Instructions to follow =
Look through the lines below for the word "linetype", and copy every line that has it.

++++ Data provided ++++

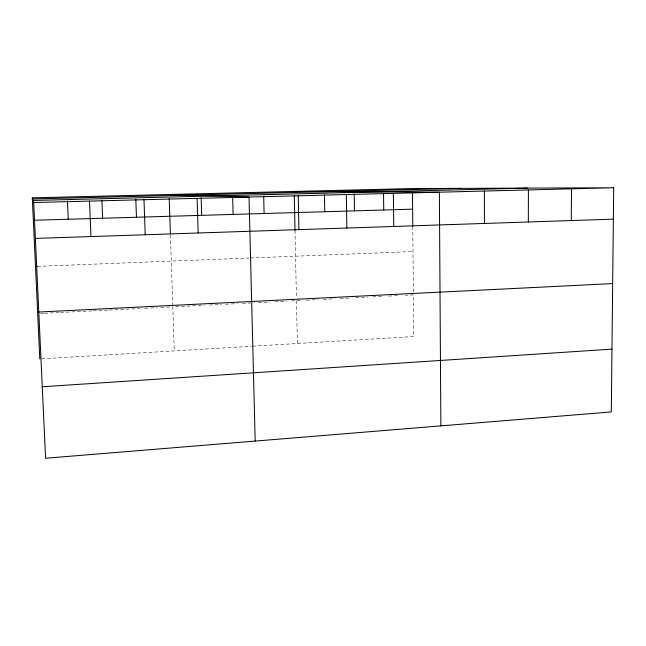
<?xml version="1.0" encoding="UTF-8"?>
<svg xmlns="http://www.w3.org/2000/svg" width="646" height="646" viewBox="0 0 646 646"><rect width="100%" height="100%" fill="white"/><g stroke="black" fill="none" stroke-linecap="round" stroke-linejoin="round"><path stroke-width="0.48" stroke-dasharray="3.23 2.42" d="M41.772 358.837L251.464 346.272M252.449 346.208L413.771 336.542L413.392 294.859L405.494 295.254M40.658 313.463L43.621 313.318M44.606 313.27L59.408 312.527M60.401 312.478L92.257 310.887M93.258 310.839L108.237 310.088M109.222 310.04L125.001 309.256M125.986 309.208L139.786 308.513M144.785 308.263L156.792 307.666M160.797 307.464L172.805 306.866L174.258 350.899M175.76 306.721L191.555 305.929M192.54 305.881L204.386 305.292M209.409 305.041L221.457 304.436M225.478 304.242L237.494 303.636M242.452 303.394L254.33 302.796M258.287 302.603L270.117 302.013M274.994 301.763L286.711 301.181M291.588 300.939L302.441 300.398M306.422 300.196L318.357 299.599M323.331 299.356L335.145 298.767M340.046 298.517L350.835 297.984M355.744 297.733L367.752 297.136M372.758 296.885L383.764 296.336M388.714 296.094L399.575 295.545M37.484 266.386L249.227 258.02M250.22 257.98L412.996 251.544M170.423 234.829L172.74 304.88M295.012 230.477L296.409 297.798M296.474 300.697L297.362 343.519M412.77 226.528L413.367 291.911"/><path stroke-width="0.97" d="M528.331 221.982L528.412 189.932M571.298 220.552L571.508 188.834M613.7 187.76L611.302 411.922L45.591 458.24L33.705 202.521L32.3 197.838L412.423 188.559L613.7 187.76L33.705 202.521M42.273 386.768L611.972 349.123M38.8 312.034L612.674 283.586M35.498 266.467L37.484 266.386M35.377 238.422L613.361 219.147M33.342 220.278L412.608 209.151M32.631 198.944L461.535 188.366M33.083 200.454L527.322 188.107M294.205 191.45L439.369 192.201L440.879 425.875M169.082 194.503L249.025 197.038L255.186 441.081M32.3 197.838L39.81 358.95M67.45 200.858L68.242 219.252M89.519 201.1L90.973 236.573M101.898 200.163L102.617 218.243M143.977 199.711L145.221 234.764M135.813 199.307L136.459 217.25M169.212 198.459L170.391 233.852M197.127 198.362L198.185 232.996M201.164 197.652L201.689 215.336M232.673 197.829L233.117 214.415M263.689 196.069L264.101 213.503M298.234 195.786L298.92 229.637M294.285 195.48L295.012 230.477M324.454 194.712L324.76 211.726M346.337 194.567L346.862 228.038M354.202 193.962L354.452 210.854M383.53 193.219L383.732 209.99M393.374 193.372L393.737 226.471M412.463 192.484L412.77 226.528M484.371 191.054L484.443 223.451"/></g></svg>
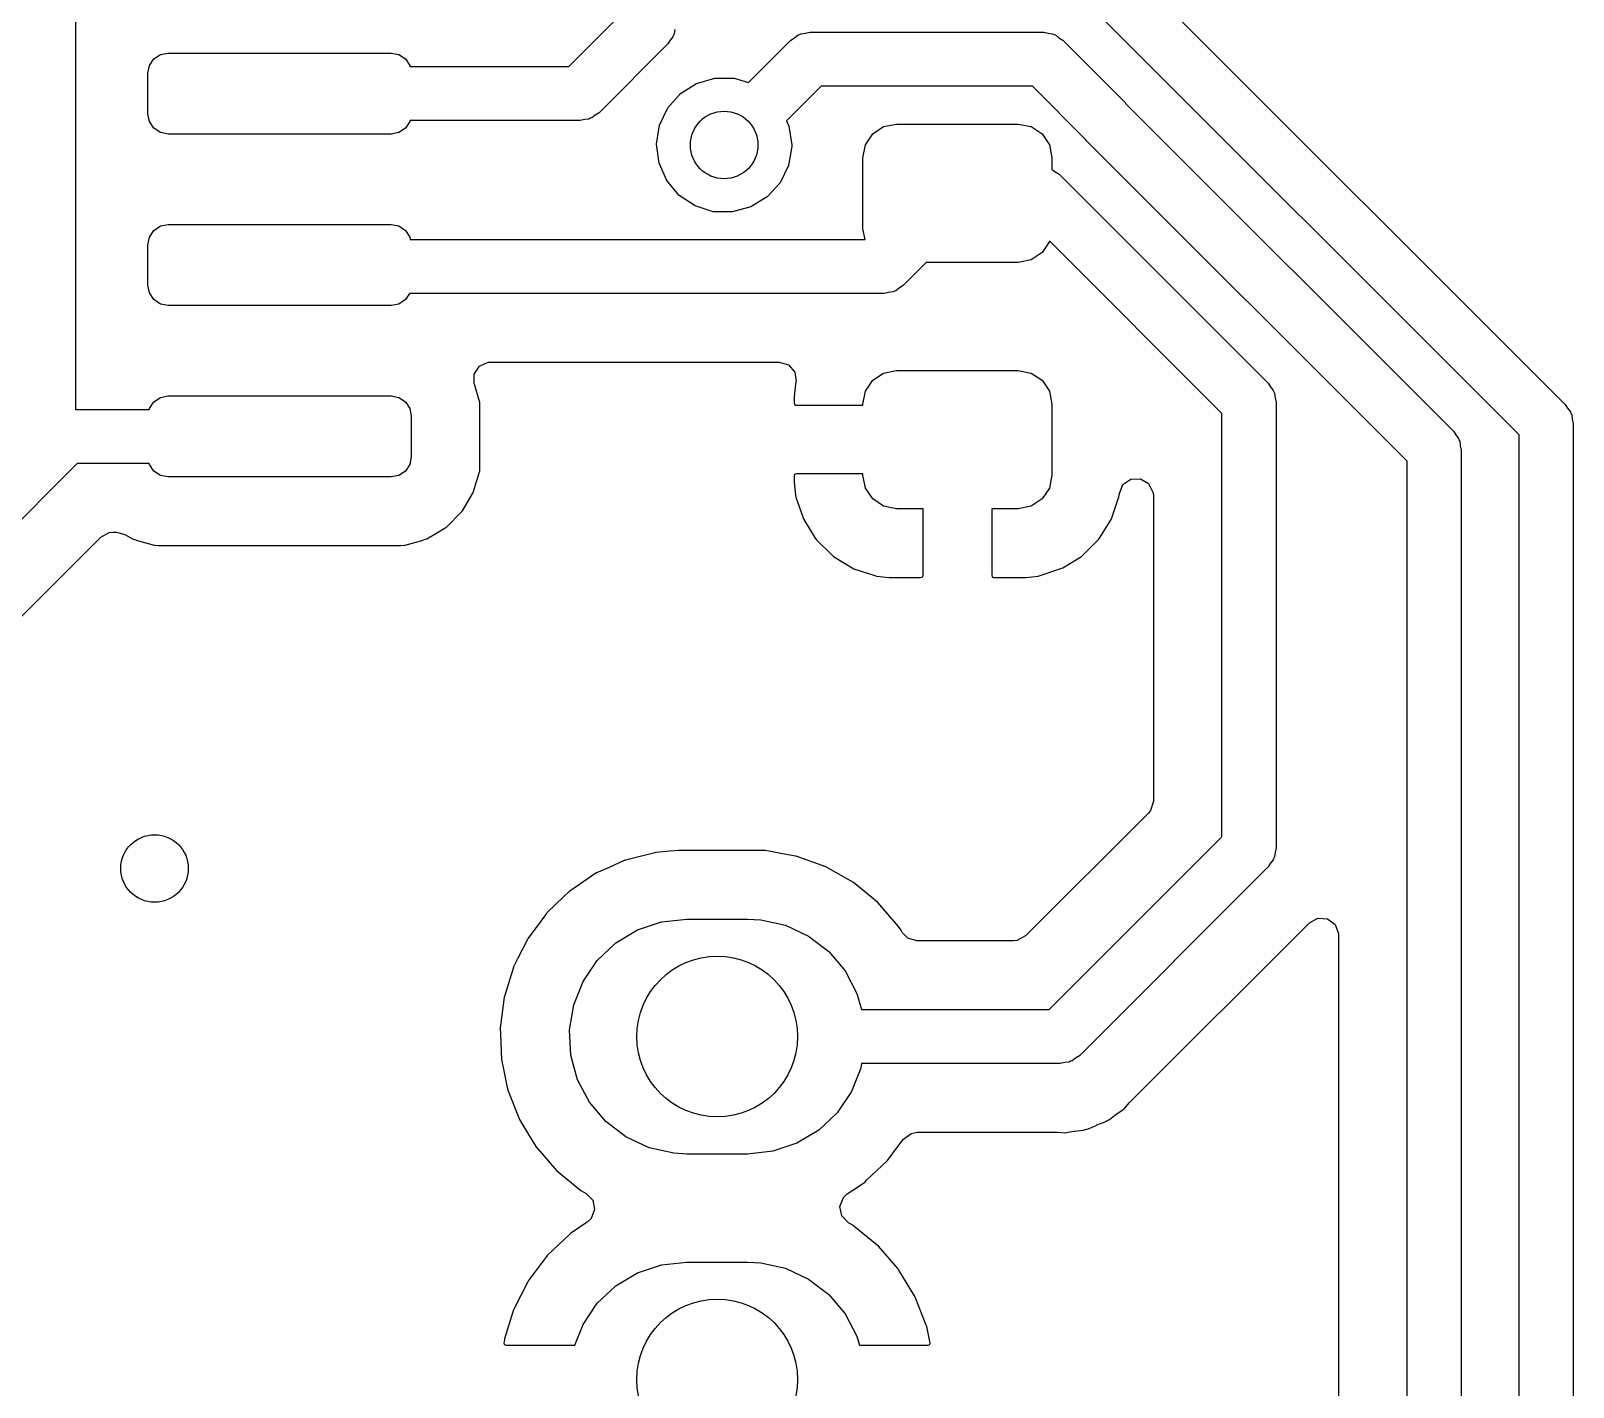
# Model space of a CAD drawing. Extents: x 83 to 135, y -230 to -45.
# Drawn here: x 123.19 to 134.61, y -120.07 to -110.03 of the extents above; entities that cross this region are included whole.
import ezdxf

# ---------------------------------------------------------------- set-up
doc = ezdxf.new("R2010")
doc.units = 0
doc.layers.add('BLACK', color=7, linetype='CONTINUOUS')

msp = doc.modelspace()

# ---------------------------------------------------------------- linework, layer by layer
at = {"layer": 'BLACK', "linetype": 'CONTINUOUS'}
for p, q in [((123.519, -109.096), (123.519, -112.83)), ((130.87, -109.114), (134.548, -112.793)), ((134.207, -113.017), (130.645, -109.455)), ((127.171, -110.29), (127.562, -109.899)), ((127.942, -110.069), (127.921, -110.095)), ((127.945, -110.058), (127.942, -110.069)), ((127.951, -110.048), (127.945, -110.058)), ((127.955, -110.015), (127.951, -110.048)), ((128.815, -110.094), (128.843, -110.077)), ((128.843, -110.077), (128.869, -110.056)), ((128.869, -110.056), (128.88, -110.053)), ((128.88, -110.053), (128.89, -110.047)), ((128.89, -110.047), (128.923, -110.043)), ((128.923, -110.043), (128.956, -110.036)), ((128.956, -110.036), (130.687, -110.036)), ((130.687, -110.036), (130.719, -110.043)), ((130.719, -110.043), (130.753, -110.047)), ((130.753, -110.047), (130.762, -110.053)), ((130.762, -110.053), (130.774, -110.056)), ((130.774, -110.056), (130.8, -110.077)), ((130.8, -110.077), (130.828, -110.095)), ((124.148, -110.201), (124.205, -110.19)), ((124.205, -110.19), (125.855, -110.19)), ((125.855, -110.19), (125.912, -110.201)), ((127.903, -110.123), (127.395, -110.632)), ((127.921, -110.095), (127.903, -110.123)), ((128.501, -110.408), (128.815, -110.094)), ((130.828, -110.095), (131.289, -110.556)), ((124.055, -110.34), (124.066, -110.283)), ((124.066, -110.283), (124.099, -110.234)), ((124.099, -110.234), (124.148, -110.201)), ((125.912, -110.201), (125.961, -110.234)), ((125.961, -110.234), (125.994, -110.283)), ((125.994, -110.283), (125.995, -110.29)), ((125.995, -110.29), (127.171, -110.29)), ((124.055, -110.64), (124.055, -110.34)), ((127.997, -110.49), (128.117, -110.415)), ((128.117, -110.415), (128.253, -110.376)), ((128.253, -110.376), (128.395, -110.376)), ((128.395, -110.376), (128.501, -110.408)), ((127.903, -110.596), (127.997, -110.49)), ((129.039, -110.436), (128.783, -110.692)), ((130.604, -110.436), (129.039, -110.436)), ((131, -110.832), (130.604, -110.436)), ((124.066, -110.697), (124.055, -110.64)), ((127.367, -110.649), (127.341, -110.67)), ((127.395, -110.632), (127.367, -110.649)), ((127.843, -110.725), (127.903, -110.596)), ((131.289, -110.556), (131.295, -110.565)), ((131.295, -110.565), (133.72, -112.99)), ((124.099, -110.746), (124.066, -110.697)), ((124.148, -110.779), (124.099, -110.746)), ((125.961, -110.746), (125.912, -110.779)), ((125.994, -110.697), (125.961, -110.746)), ((125.995, -110.69), (125.994, -110.697)), ((127.254, -110.69), (125.995, -110.69)), ((127.287, -110.683), (127.254, -110.69)), ((127.32, -110.679), (127.287, -110.683)), ((127.33, -110.673), (127.32, -110.679)), ((127.341, -110.67), (127.33, -110.673)), ((127.821, -110.865), (127.843, -110.725)), ((128.783, -110.692), (128.801, -110.731)), ((128.801, -110.731), (128.821, -110.871)), ((129.421, -110.789), (129.502, -110.735)), ((129.502, -110.735), (129.598, -110.716)), ((129.598, -110.716), (130.498, -110.716)), ((130.498, -110.716), (130.594, -110.735)), ((130.594, -110.735), (130.675, -110.789)), ((124.205, -110.79), (124.148, -110.779)), ((125.855, -110.79), (124.205, -110.79)), ((125.912, -110.779), (125.855, -110.79)), ((127.839, -111.005), (127.821, -110.865)), ((128.821, -110.871), (128.821, -110.883)), ((129.348, -110.966), (129.367, -110.87)), ((129.367, -110.87), (129.421, -110.789)), ((130.675, -110.789), (130.729, -110.87)), ((130.729, -110.87), (130.748, -110.966)), ((131.006, -110.842), (131, -110.832)), ((133.379, -113.214), (131.006, -110.842)), ((128.821, -110.883), (128.797, -111.023)), ((129.348, -111.491), (129.348, -110.966)), ((130.748, -110.966), (130.748, -111.05)), ((127.896, -111.135), (127.839, -111.005)), ((128.797, -111.023), (128.735, -111.151)), ((130.748, -111.05), (130.773, -111.069)), ((130.773, -111.069), (130.801, -111.087)), ((130.801, -111.087), (132.349, -112.635)), ((127.988, -111.244), (127.896, -111.135)), ((128.735, -111.151), (128.64, -111.256)), ((128.106, -111.322), (127.988, -111.244)), ((128.241, -111.365), (128.106, -111.322)), ((128.519, -111.33), (128.383, -111.367)), ((128.64, -111.256), (128.519, -111.33)), ((128.383, -111.367), (128.241, -111.365)), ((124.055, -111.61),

++++

Answer below =
doc.layers.add('BLACK', color=7, linetype='CONTINUOUS')
at = {"layer": 'BLACK', "linetype": 'CONTINUOUS'}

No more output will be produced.